══ SOURCE MATERIAL
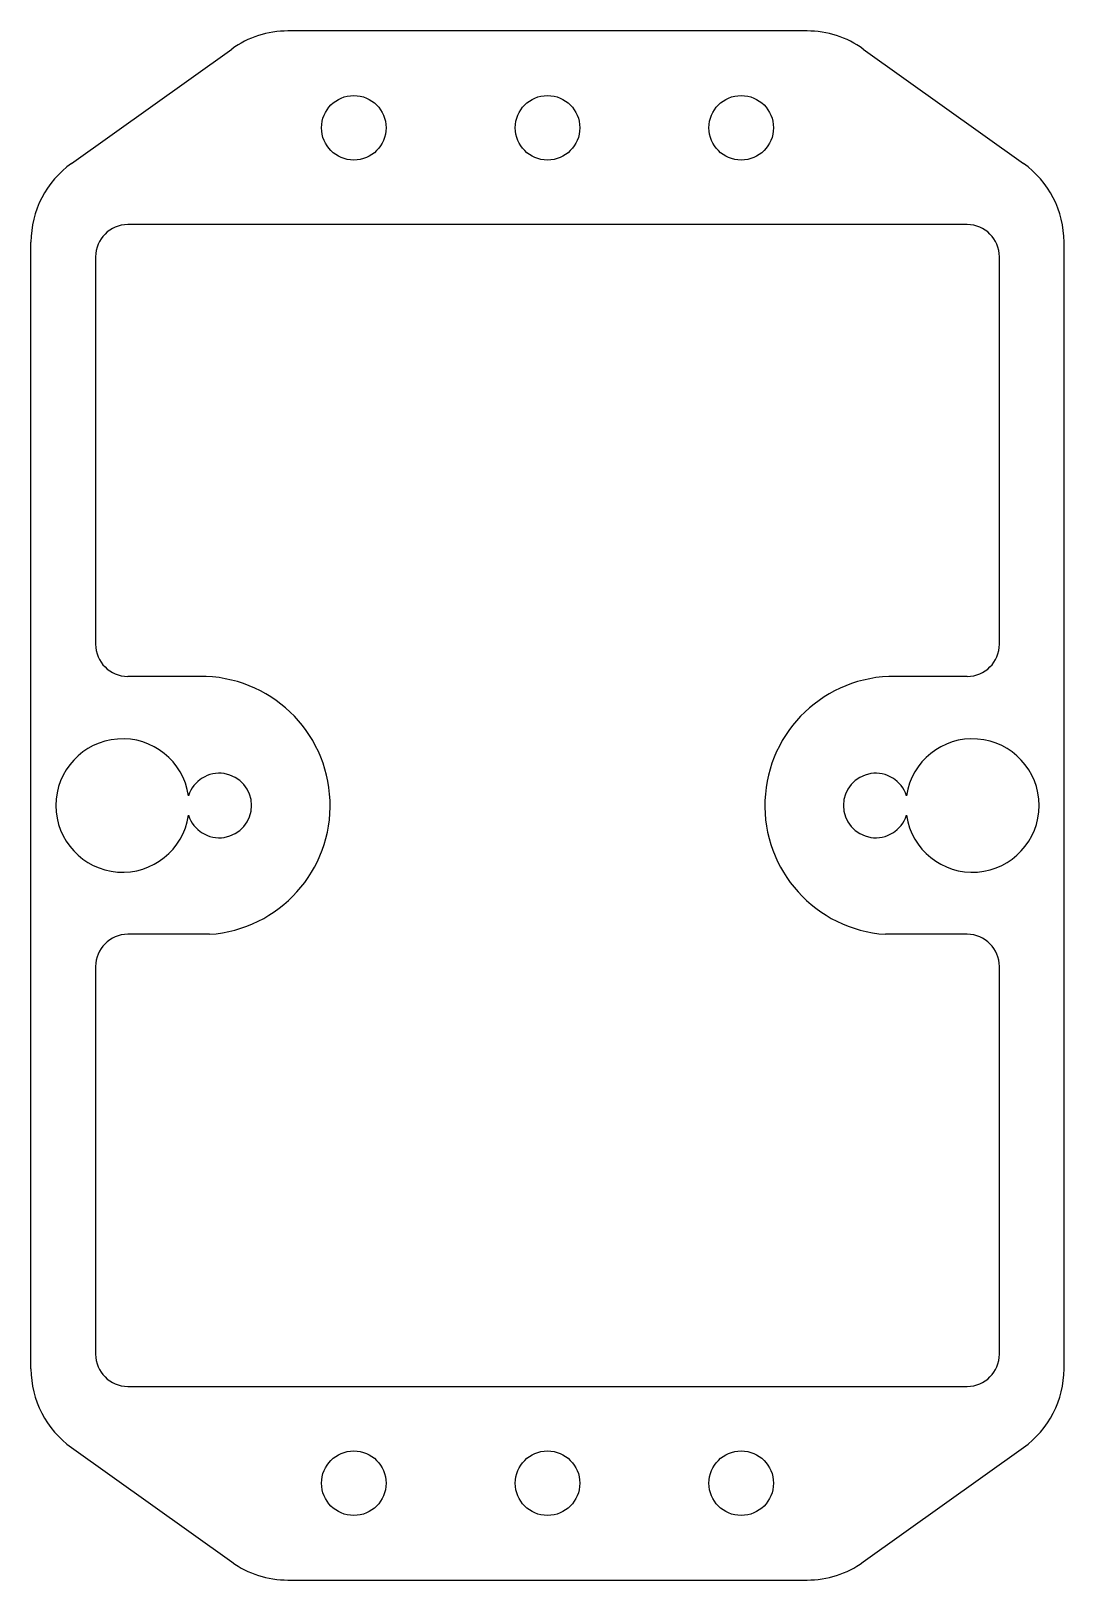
# Model space of a CAD drawing. Header units: millimetres. Extents: x 13.1 to 61.1, y 219.9 to 291.9.
import ezdxf

# ---------------------------------------------------------------- set-up
doc = ezdxf.new("R2010")
doc.units = ezdxf.units.MM
doc.layers.add('Default', color=7, linetype='Continuous')

msp = doc.modelspace()

# ---------------------------------------------------------------- linework, layer by layer
at = {"layer": 'Default', "color": 7, "linetype": 'Continuous'}
for p, q in [((49.191, 291.913), (25.075, 291.913)), ((15.017, 285.759), (22.459, 291.075)), ((51.806, 291.075), (59.248, 285.759)), ((56.633, 282.913), (17.633, 282.913)), ((13.133, 229.73), (13.133, 282.098)), ((61.133, 229.73), (61.133, 282.098)), ((16.133, 281.413), (16.133, 263.413)), ((58.133, 263.413), (58.133, 281.413)), ((21.093, 261.913), (17.633, 261.913)), ((56.633, 261.913), (53.172, 261.913)), ((21.433, 249.927), (17.633, 249.927)), ((56.633, 249.927), (52.833, 249.927)), ((16.133, 248.427), (16.133, 230.414)), ((58.133, 230.414), (58.133, 248.427)), ((17.633, 228.914), (56.633, 228.914)), ((15.017, 226.068), (22.459, 220.752)), ((51.806, 220.752), (59.248, 226.068)), ((25.075, 219.914), (49.191, 219.914))]:
    msp.add_line(p, q, dxfattribs=at)
for centre in [(28.133, 287.414), (37.133, 287.414), (46.133, 287.414), (28.133, 224.414), (37.133, 224.414), (46.133, 224.414)]:
    msp.add_circle(centre, 1.5, dxfattribs=at)
for centre, radius, start, end in [((25.075, 287.413), 4.5, 90, 125.53768), ((49.191, 287.413), 4.5, 54.46232, 90), ((17.633, 282.098), 4.5, 125.53768, 180), ((56.633, 282.098), 4.5, 0, 54.46232), ((17.633, 281.413), 1.5, 90, 180), ((56.633, 281.413), 1.5, 0, 90), ((17.633, 263.413), 1.5, 180, 270), ((56.633, 263.413), 1.5, 270, 360), ((21.033, 255.914), 6, 273.82474, 90.57791), ((53.233, 255.914), 6, 89.42209, 266.17526), ((17.388, 255.913), 3.1, 8.46369, 351.54409), ((56.878, 255.913), 3.1, 188.46627, 171.52595), ((21.883, 255.914), 1.5, 197.70421, 162.30357), ((52.383, 255.914), 1.5, 17.71867, 342.27355), ((17.633, 248.427), 1.5, 90, 180), ((56.633, 248.427), 1.5, 0, 90), ((17.633, 230.414), 1.5, 180, 270), ((56.633, 230.414), 1.5, 270, 0), ((17.633, 229.73), 4.5, 180, 234.46232), ((56.633, 229.73), 4.5, 305.53768, 0), ((25.075, 224.414), 4.5, 234.46232, 270), ((49.191, 224.414), 4.5, 270, 305.53768)]:
    msp.add_arc(centre, radius, start, end, dxfattribs=at)

doc.saveas('drawing.dxf')
════
## EXERCISE
The response must contain each line above that holds the string "ezdxf".

## SOLUTION FOR THIS EXERCISE
import ezdxf
doc = ezdxf.new("R2010")
doc.units = ezdxf.units.MM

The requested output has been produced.